BM’nin yeni Yemen özel temsilcisinden ne bekleniyor?

“Birleşmiş Milletler (BM) yeni Yemen Özel Temsilcisi Hans Grundberg’den neler beklemek gerekiyor?” Şarku’l Avsat’ın yönelttiği bu soruya, Yemen’in eski Dışişleri Bakanı Yardımcısı Mustafa Numan “Yemenlileri savaşa son vermenin gerekli olduğuna ikna etmek” cevabını verdi.

Barış Girişimi’ne liderlik eden Yemenli Raşa Cerhum ise yeni özel temsilci sebebiyle hayal kırıklığına uğramıştı ve Şarku’l Avsat’ın bu sorusunu yanıtlarken BM’nin bir kadın temsilci atamayarak onları hayal kırıklığına uğrattığını belirti. Cerhum “Yeni BM Özel Temsilcisi’nin şahsına saygı duyuyorum, ancak gerçekten bir Arap kadın atanmasını umuyordum, çünkü bu Yemen’deki durumun derinlemesine anlaşılmasına daha yakın olurdu” dedi. Cerhum bunun yanı sıra, İsveç’in barış sürecini ciddi şekilde desteklemeye çalıştığını ve bu tutumunu Stockholm istişarelerine ev sahipliği yaparak kanıtlandığını belirtti.
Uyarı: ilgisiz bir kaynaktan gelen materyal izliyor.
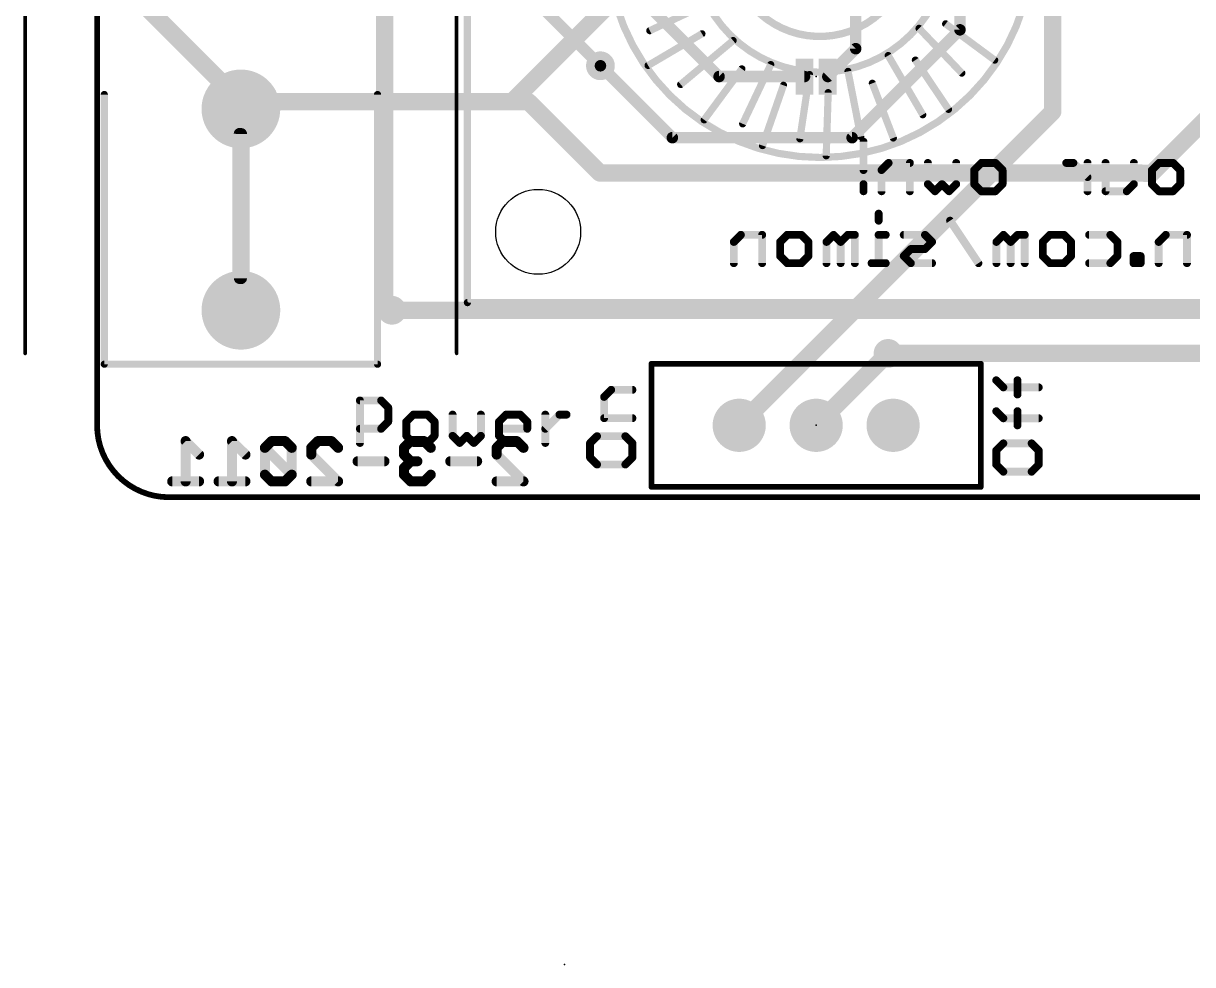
# Model space of a CAD drawing. Extents: x -2.6 to 78.8, y -16.5 to 68.7.
# Drawn here: x -2.6 to 38.7, y -16.51 to 16.74 of the extents above; entities that cross this region are included whole.
import ezdxf

# ---------------------------------------------------------------- set-up
doc = ezdxf.new("R2010")
doc.units = 0
for name, color, linetype in [('1', 12, 'CONTINUOUS'), ('16', 132, 'CONTINUOUS'), ('17', 110, 'CONTINUOUS'), ('18', 110, 'CONTINUOUS'), ('20', 53, 'CONTINUOUS'), ('21', 31, 'CONTINUOUS'), ('22', 40, 'CONTINUOUS'), ('23', 53, 'CONTINUOUS'), ('24', 53, 'CONTINUOUS'), ('49', 6, 'CONTINUOUS'), ('51', 53, 'CONTINUOUS')]:
    doc.layers.add(name, color=color, linetype=linetype)

# ---------------------------------------------------------------- blocks, each defined once
blk = doc.blocks.new('ROUNDP')
at = {"const_width": 0.5}
blk.add_lwpolyline([(0, -0.25, 1), (0, 0.25, 1), (0, -0.25)], format="xyb", dxfattribs=at)
blk = doc.blocks.new('RECT')
blk.add_solid([(-0.5, -0.5), (0.5, -0.5), (-0.5, 0.5), (0.5, 0.5)])
blk = doc.blocks.new('ROUNDV')
at = {"const_width": 0.5}
blk.add_lwpolyline([(0, -0.25, 1), (0, 0.25, 1), (0, -0.25)], format="xyb", dxfattribs=at)

msp = doc.modelspace()

# ---------------------------------------------------------------- linework, layer by layer
at = {"layer": '1'}
for points, const_width in [([(33.7566, 13.6144), (33.7566, 28.829)], 0.6096), ([(10.16, 6.858), (10.16, 22.86)], 0.6096), ([(13.97, 19.05), (17.78, 15.24)], 0.4064), ([(21.525, 17.421), (19.525, 16.481)], 0.254), ([(29.035, 16.561), (30.545, 14.981)], 0.254), ([(31.705, 15.441), (29.975, 16.721)], 0.254), ([(19.465, 15.251), (21.365, 16.371)], 0.254), ([(22.465, 16.131), (20.615, 14.581)], 0.254), ([(27.945, 15.601), (29.165, 13.511)], 0.254), ([(23.795, 15.281), (22.805, 13.191)], 0.254), ([(30.075, 13.701), (28.905, 15.441)], 0.254), ([(21.445, 13.331), (22.775, 15.131)], 0.254), ([(25.165, 14.931), (24.825, 12.661)], 0.254), ([(26.525, 15.041), (26.975, 12.741)], 0.254), ([(23.505, 12.421), (24.245, 14.551)], 0.254), ([(28.125, 12.691), (27.385, 14.621)], 0.254), ([(25.755, 12.061), (25.825, 14.291)], 0.254), ([(22.6822, 2.54), (33.7566, 13.6144)], 0.6096), ([(10.414, 6.604), (10.16, 6.858)], 0.6096), ([(25.4, 2.54), (27.94, 5.08)], 0.6096)]:
    msp.add_lwpolyline(points, dxfattribs=dict(at, const_width=const_width))
for points, const_width in [([(25.535, 12.001, 1), (25.535, 27.001, 1), (25.535, 12.001)], 0.254), ([(25.545, 15.011, 1), (25.545, 24.011, 1), (25.545, 15.011)], 0.254), ([(19.498, 16.5385, 1), (19.552, 16.4235)], 0.127), ([(29.0809, 16.6049, 1), (28.9891, 16.5171)], 0.127), ([(30.0128, 16.772, 1), (29.9372, 16.67)], 0.127), ([(21.3972, 16.3163, 1), (21.3328, 16.4257)], 0.127), ([(22.5058, 16.0823, 1), (22.4242, 16.1797)], 0.127), ([(27.9998, 15.633, 1), (27.8902, 15.569)], 0.127), ([(17.7082, 15.1682, 1), (17.8518, 15.3118)], 0.2032), ([(19.4328, 15.3057, 1), (19.4972, 15.1963)], 0.127), ([(23.8524, 15.2538, 1), (23.7376, 15.3082)], 0.127), ([(28.9577, 15.4764, 1), (28.8523, 15.4056)], 0.127), ([(31.6672, 15.39, 1), (31.7428, 15.492)], 0.127), ([(22.8261, 15.0933, 1), (22.7239, 15.1687)], 0.127), ([(25.2278, 14.9216, 1), (25.1022, 14.9404)], 0.127), ([(26.5873, 15.0532, 1), (26.4627, 15.0288)], 0.127), ([(30.4991, 14.9371, 1), (30.5909, 15.0249)], 0.127), ([(20.5742, 14.6297, 1), (20.6558, 14.5323)], 0.127), ([(24.305, 14.5302, 1), (24.185, 14.5718)], 0.127), ([(27.4443, 14.6437, 1), (27.3257, 14.5983)], 0.127), ([(25.8885, 14.289, 1), (25.7615, 14.293)], 0.127), ([(30.0223, 13.6656, 1), (30.1277, 13.7364)], 0.127), ([(33.6042, 13.6144, 1), (33.909, 13.6144)], 0.3048), ([(33.8644, 13.5066, 1), (33.6488, 13.7222)], 0.3048), ([(21.3939, 13.3687, 1), (21.4961, 13.2933)], 0.127), ([(22.7476, 13.2182, 1), (22.8624, 13.1638)], 0.127), ([(29.1102, 13.479, 1), (29.2198, 13.543)], 0.127), ([(26.9127, 12.7288, 1), (27.0373, 12.7532)], 0.127), ([(23.445, 12.4418, 1), (23.565, 12.4002)], 0.127), ([(24.7622, 12.6704, 1), (24.8878, 12.6516)], 0.127), ([(28.0657, 12.6683, 1), (28.1843, 12.7137)], 0.127), ([(25.6915, 12.063, 1), (25.8185, 12.059)], 0.127), ([(10.2678, 6.9658, 1), (10.0522, 6.7502)], 0.3048), ([(10.0076, 6.858, 1), (10.3124, 6.858)], 0.3048), ([(10.3062, 6.4962, 1), (10.5218, 6.7118)], 0.3048), ([(28.0478, 4.9722, 1), (27.8322, 5.1878)], 0.3048), ([(22.5744, 2.6478, 1), (22.79, 2.4322)], 0.3048), ([(25.2922, 2.6478, 1), (25.5078, 2.4322)], 0.3048)]:
    msp.add_lwpolyline(points, format="xyb", dxfattribs=dict(at, const_width=const_width))
at = {"layer": '16'}
for points, const_width in [([(26.797, 19.447), (26.797, 15.8441)], 0.4064), ([(30.48, 16.51), (30.4775, 19.4487)], 0.4064), ([(14.651, 13.97), (18.7555, 18.0745)], 0.6096), ([(18.7555, 18.0745), (21.971, 14.859)], 0.4064), ([(37.238, 11.43), (44.019, 18.211)], 0.6096), ([(5.08, 13.97), (1.27, 17.78)], 0.6096), ([(26.67, 12.7), (30.48, 16.51)], 0.4064), ([(26.797, 15.8441), (25.8119, 14.859)], 0.4064), ([(17.78, 15.24), (20.32, 12.7)], 0.4064), ([(21.971, 14.859), (24.9881, 14.859)], 0.4064), ([(5.08, 6.604), (5.08, 13.97)], 0.6096), ([(5.08, 13.97), (13.97, 13.97)], 0.6096), ([(13.97, 13.97), (14.651, 13.97)], 0.6096), ([(14.651, 13.97), (15.24, 13.97)], 0.6096), ([(15.24, 13.97), (17.7571, 11.4529)], 0.6096), ([(20.32, 12.7), (26.67, 12.7)], 0.4064), ([(17.7571, 11.4529), (36.8313, 11.4529)], 0.6096), ([(36.8313, 11.4529), (37.238, 11.43)], 0.6096), ([(10.414, 6.604), (71.12, 6.604)], 0.6096), ([(27.94, 5.08), (63.5, 5.08)], 0.6096), ([(3.6021, 1.5079), (3.1276, 1.9824)], 0.3556), ([(3.1276, 1.9824), (3.1276, 0.5588)], 0.3556), ([(5.2393, 1.5079), (4.7647, 1.9824)], 0.3556), ([(4.7647, 1.9824), (4.7647, 0.5588)], 0.3556), ([(6.1646, 1.9824), (5.9273, 1.7451)], 0.3556), ([(6.6391, 1.9824), (6.1646, 1.9824)], 0.3556), ([(6.8764, 1.7451), (6.6391, 1.9824)], 0.3556), ([(7.5645, 1.7451), (7.8018, 1.9824)], 0.3556), ([(7.8018, 1.9824), (8.2763, 1.9824)], 0.3556), ([(8.2763, 1.9824), (8.5136, 1.7451)], 0.3556), ([(11.0761, 1.9824), (10.8388, 1.7451)], 0.3556), ([(11.5506, 1.9824), (11.0761, 1.9824)], 0.3556), ([(11.7879, 1.7451), (11.5506, 1.9824)], 0.3556), ([(14.1131, 1.7451), (14.3504, 1.9824)], 0.3556), ([(14.3504, 1.9824), (14.8249, 1.9824)], 0.3556), ([(14.8249, 1.9824), (15.0622, 1.7451)], 0.3556), ([(5.9273, 1.7451), (5.9273, 0.7961)], 0.3556), ([(6.8764, 0.7961), (5.9273, 1.7451)], 0.3556), ([(6.8764, 0.7961), (6.8764, 1.7451)], 0.3556), ([(7.5645, 1.5079), (7.5645, 1.7451)], 0.3556), ([(8.5136, 0.5588), (7.5645, 1.5079)], 0.3556), ([(10.8388, 1.7451), (10.8388, 1.5079)], 0.3556), ([(10.8388, 1.5079), (11.0761, 1.2706)], 0.3556), ([(14.1131, 1.5079), (14.1131, 1.7451)], 0.3556), ([(15.0622, 0.5588), (14.1131, 1.5079)], 0.3556), ([(10.1507, 1.2706), (9.2017, 1.2706)], 0.3556), ([(11.0761, 1.2706), (10.8388, 1.0333)], 0.3556), ([(11.0761, 1.2706), (11.3133, 1.2706)], 0.3556), ([(13.425, 1.2706), (12.476, 1.2706)], 0.3556), ([(5.9273, 0.7961), (6.1646, 0.5588)], 0.3556), ([(6.6391, 0.5588), (6.8764, 0.7961)], 0.3556), ([(10.8388, 1.0333), (10.8388, 0.7961)], 0.3556), ([(10.8388, 0.7961), (11.0761, 0.5588)], 0.3556), ([(11.5506, 0.5588), (11.7879, 0.7961)], 0.3556), ([(3.6021, 0.5588), (2.653, 0.5588)], 0.3556), ([(5.2393, 0.5588), (4.2902, 0.5588)], 0.3556), ([(6.1646, 0.5588), (6.6391, 0.5588)], 0.3556), ([(7.5645, 0.5588), (8.5136, 0.5588)], 0.3556), ([(11.0761, 0.5588), (11.5506, 0.5588)], 0.3556), ([(14.1131, 0.5588), (15.0622, 0.5588)], 0.3556)]:
    msp.add_lwpolyline(points, dxfattribs=dict(at, const_width=const_width))
for points, const_width in [([(30.3784, 16.5099, 1), (30.5816, 16.5101)], 0.2032), ([(30.5518, 16.4382, 1), (30.4082, 16.5818)], 0.2032), ([(26.6954, 15.8441, 1), (26.8986, 15.8441)], 0.2032), ([(26.8688, 15.7723, 1), (26.7252, 15.9159)], 0.2032), ([(17.8518, 15.3118, 1), (17.7082, 15.1682)], 0.2032), ([(21.971, 14.9606, 1), (21.971, 14.7574)], 0.2032), ([(21.8992, 14.7872, 1), (22.0428, 14.9308)], 0.2032), ([(24.9881, 14.7574, 1), (24.9881, 14.9606)], 0.2032), ([(25.7401, 14.9308, 1), (25.8837, 14.7872)], 0.2032), ([(5.2324, 13.97, 1), (4.9276, 13.97)], 0.3048), ([(5.08, 14.1224, 1), (5.08, 13.8176)], 0.3048), ([(4.9722, 13.8622, 1), (5.1878, 14.0778)], 0.3048), ([(13.97, 14.1224, 1), (13.97, 13.8176)], 0.3048), ([(13.97, 13.8176, 1), (13.97, 14.1224)], 0.3048), ([(14.5432, 14.0778, 1), (14.7588, 13.8622)], 0.3048), ([(14.651, 14.1224, 1), (14.651, 13.8176)], 0.3048), ([(14.651, 13.8176, 1), (14.651, 14.1224)], 0.3048), ([(15.3478, 14.0778, 1), (15.1322, 13.8622)], 0.3048), ([(15.24, 13.8176, 1), (15.24, 14.1224)], 0.3048), ([(20.32, 12.8016, 1), (20.32, 12.5984)], 0.2032), ([(20.2482, 12.6282, 1), (20.3918, 12.7718)], 0.2032), ([(26.5982, 12.7718, 1), (26.7418, 12.6282)], 0.2032), ([(26.67, 12.5984, 1), (26.67, 12.8016)], 0.2032), ([(17.7571, 11.6053, 1), (17.7571, 11.3005)], 0.3048), ([(17.6493, 11.3451, 1), (17.8649, 11.5607)], 0.3048), ([(36.8399, 11.6051, 1), (36.8227, 11.3007)], 0.3048), ([(36.8313, 11.3005, 1), (36.8313, 11.6053)], 0.3048), ([(37.1302, 11.5378, 1), (37.3458, 11.3222)], 0.3048), ([(37.2294, 11.2778, 1), (37.2466, 11.5822)], 0.3048), ([(4.9276, 6.604, 1), (5.2324, 6.604)], 0.3048), ([(10.414, 6.7564, 1), (10.414, 6.4516)], 0.3048), ([(27.94, 5.2324, 1), (27.94, 4.9276)], 0.3048), ([(3.1904, 2.0453, 1), (3.0647, 1.9196)], 0.1778), ([(3.2165, 1.9824, 1), (3.0387, 1.9824)], 0.1778), ([(4.8536, 1.9824, 1), (4.6758, 1.9824)], 0.1778), ([(4.8276, 2.0453, 1), (4.7019, 1.9196)], 0.1778), ([(6.1646, 2.0713, 1), (6.1646, 1.8935)], 0.1778), ([(6.2275, 1.9196, 1), (6.1018, 2.0453)], 0.1778), ([(6.702, 2.0453, 1), (6.5763, 1.9196)], 0.1778), ([(6.6391, 1.8935, 1), (6.6391, 2.0713)], 0.1778), ([(7.8018, 2.0713, 1), (7.8018, 1.8935)], 0.1778), ([(7.8646, 1.9196, 1), (7.7389, 2.0453)], 0.1778), ([(8.3392, 2.0453, 1), (8.2134, 1.9196)], 0.1778), ([(8.2763, 1.8935, 1), (8.2763, 2.0713)], 0.1778), ([(11.0761, 2.0713, 1), (11.0761, 1.8935)], 0.1778), ([(11.1389, 1.9196, 1), (11.0132, 2.0453)], 0.1778), ([(11.6135, 2.0453, 1), (11.4878, 1.9196)], 0.1778), ([(11.5506, 1.8935, 1), (11.5506, 2.0713)], 0.1778), ([(14.3504, 2.0713, 1), (14.3504, 1.8935)], 0.1778), ([(14.4133, 1.9196, 1), (14.2875, 2.0453)], 0.1778), ([(14.8878, 2.0453, 1), (14.7621, 1.9196)], 0.1778), ([(14.8249, 1.8935, 1), (14.8249, 2.0713)], 0.1778), ([(3.5392, 1.445, 1), (3.665, 1.5707)], 0.1778), ([(5.1764, 1.445, 1), (5.3021, 1.5707)], 0.1778), ([(6.0162, 1.7451, 1), (5.8384, 1.7451)], 0.1778), ([(5.9902, 1.808, 1), (5.8645, 1.6823)], 0.1778), ([(5.8645, 1.808, 1), (5.9902, 1.6823)], 0.1778), ([(6.9653, 1.7451, 1), (6.7875, 1.7451)], 0.1778), ([(6.8136, 1.6823, 1), (6.9393, 1.808)], 0.1778), ([(7.6534, 1.7451, 1), (7.4756, 1.7451)], 0.1778), ([(7.5016, 1.808, 1), (7.6274, 1.6823)], 0.1778), ([(7.6274, 1.5707, 1), (7.5016, 1.445)], 0.1778), ([(8.4507, 1.6823, 1), (8.5764, 1.808)], 0.1778), ([(10.9277, 1.7451, 1), (10.7499, 1.7451)], 0.1778), ([(10.776, 1.808, 1), (10.9017, 1.6823)], 0.1778), ([(10.9017, 1.5707, 1), (10.776, 1.445)], 0.1778), ([(11.725, 1.6823, 1), (11.8507, 1.808)], 0.1778), ([(14.202, 1.7451, 1), (14.0242, 1.7451)], 0.1778), ([(14.0503, 1.808, 1), (14.176, 1.6823)], 0.1778), ([(14.176, 1.5707, 1), (14.0503, 1.445)], 0.1778), ([(14.9993, 1.6823, 1), (15.1251, 1.808)], 0.1778), ([(7.4756, 1.5079, 1), (7.6534, 1.5079)], 0.1778), ([(9.2017, 1.3595, 1), (9.2017, 1.1817)], 0.1778), ([(10.1507, 1.1817, 1), (10.1507, 1.3595)], 0.1778), ([(10.7499, 1.5079, 1), (10.9277, 1.5079)], 0.1778), ([(11.0761, 1.3595, 1), (11.0761, 1.1817)], 0.1778), ([(11.1389, 1.2077, 1), (11.0132, 1.3335)], 0.1778), ([(11.0132, 1.2077, 1), (11.1389, 1.3335)], 0.1778), ([(11.3133, 1.1817, 1), (11.3133, 1.3595)], 0.1778), ([(12.476, 1.3595, 1), (12.476, 1.1817)], 0.1778), ([(13.425, 1.1817, 1), (13.425, 1.3595)], 0.1778), ([(14.0242, 1.5079, 1), (14.202, 1.5079)], 0.1778), ([(5.8384, 0.7961, 1), (6.0162, 0.7961)], 0.1778), ([(5.9902, 0.8589, 1), (5.8645, 0.7332)], 0.1778), ([(6.7875, 0.7961, 1), (6.9653, 0.7961)], 0.1778), ([(6.9393, 0.7332, 1), (6.8136, 0.8589)], 0.1778), ([(6.8136, 0.7332, 1), (6.9393, 0.8589)], 0.1778), ([(10.9277, 1.0333, 1), (10.7499, 1.0333)], 0.1778), ([(10.7499, 0.7961, 1), (10.9277, 0.7961)], 0.1778), ([(10.776, 1.0962, 1), (10.9017, 0.9705)], 0.1778), ([(10.9017, 0.8589, 1), (10.776, 0.7332)], 0.1778), ([(11.8507, 0.7332, 1), (11.725, 0.8589)], 0.1778), ([(2.653, 0.6477, 1), (2.653, 0.4699)], 0.1778), ([(3.0387, 0.5588, 1), (3.2165, 0.5588)], 0.1778), ([(3.6021, 0.4699, 1), (3.6021, 0.6477)], 0.1778), ([(4.2902, 0.6477, 1), (4.2902, 0.4699)], 0.1778), ([(4.6758, 0.5588, 1), (4.8536, 0.5588)], 0.1778), ([(5.2393, 0.4699, 1), (5.2393, 0.6477)], 0.1778), ([(6.1646, 0.6477, 1), (6.1646, 0.4699)], 0.1778), ([(6.1018, 0.4959, 1), (6.2275, 0.6217)], 0.1778), ([(6.5763, 0.6217, 1), (6.702, 0.4959)], 0.1778), ([(6.6391, 0.4699, 1), (6.6391, 0.6477)], 0.1778), ([(7.5645, 0.6477, 1), (7.5645, 0.4699)], 0.1778), ([(8.4507, 0.4959, 1), (8.5764, 0.6217)], 0.1778), ([(8.5136, 0.4699, 1), (8.5136, 0.6477)], 0.1778), ([(11.0761, 0.6477, 1), (11.0761, 0.4699)], 0.1778), ([(11.0132, 0.4959, 1), (11.1389, 0.6217)], 0.1778), ([(11.4878, 0.6217, 1), (11.6135, 0.4959)], 0.1778), ([(11.5506, 0.4699, 1), (11.5506, 0.6477)], 0.1778), ([(14.1131, 0.6477, 1), (14.1131, 0.4699)], 0.1778), ([(14.9993, 0.4959, 1), (15.1251, 0.6217)], 0.1778), ([(15.0622, 0.4699, 1), (15.0622, 0.6477)], 0.1778)]:
    msp.add_lwpolyline(points, format="xyb", dxfattribs=dict(at, const_width=const_width))
at = {"layer": '20', "const_width": 0.2032}
for points in [[(0, 66.04), (0, 2.54)], [(2.54, 0), (73.66, 0)]]:
    msp.add_lwpolyline(points, dxfattribs=at)
at = {"layer": '20'}
for points, const_width in [([(0, 2.54, 0.4142), (2.54, 0)], 0.2032), ([(0.0508, 2.54, 1), (-0.0508, 2.54)], 0.1016), ([(-0.0508, 2.54, 1), (0.0508, 2.54)], 0.1016), ([(2.54, 0.0508, 1), (2.54, -0.0508)], 0.1016), ([(2.54, -0.0508, 1), (2.54, 0.0508)], 0.1016)]:
    msp.add_lwpolyline(points, format="xyb", dxfattribs=dict(at, const_width=const_width))
msp.add_circle((15.581, 9.374), 1.5, dxfattribs=at)
at = {"layer": '21'}
for points, const_width in [([(13.081, 6.874), (13.081, 56.874)], 0.254), ([(0.254, 14.224), (0.254, 4.699)], 0.254), ([(9.906, 4.699), (9.906, 14.224)], 0.254), ([(63.081, 6.874), (13.081, 6.874)], 0.254), ([(0.254, 4.699), (9.906, 4.699)], 0.254), ([(31.215, 4.715), (19.585, 4.715)], 0.2032), ([(19.585, 4.715), (19.585, 0.365)], 0.2032), ([(31.215, 0.365), (31.215, 4.715)], 0.2032), ([(32.0114, 3.8803), (31.7614, 4.1303)], 0.2794), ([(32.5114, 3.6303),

Söz konusu soru, Şarku’l Avsat tarafından Yemen siyasi süreciyle ilgilenen politikacılara ve araştırmacılara da yöneltildi. Bu kişiler, soruya cevap olarak birtakım talepler, tavsiyeler, örnekler ve kapsamlı açıklamalarda bulundu. Cevapları arasında, yeni özel temsilcinin önceki temsilcilerin hatalarını tekrarlamamasının gerekliliği belirtirken aynı zamanda zaman faktörünün göz ardı edilmemesi veya 2216 sayılı Kararın uygulanmamasına karşı uyarıda bulunulması gibi konular bulunuyordu.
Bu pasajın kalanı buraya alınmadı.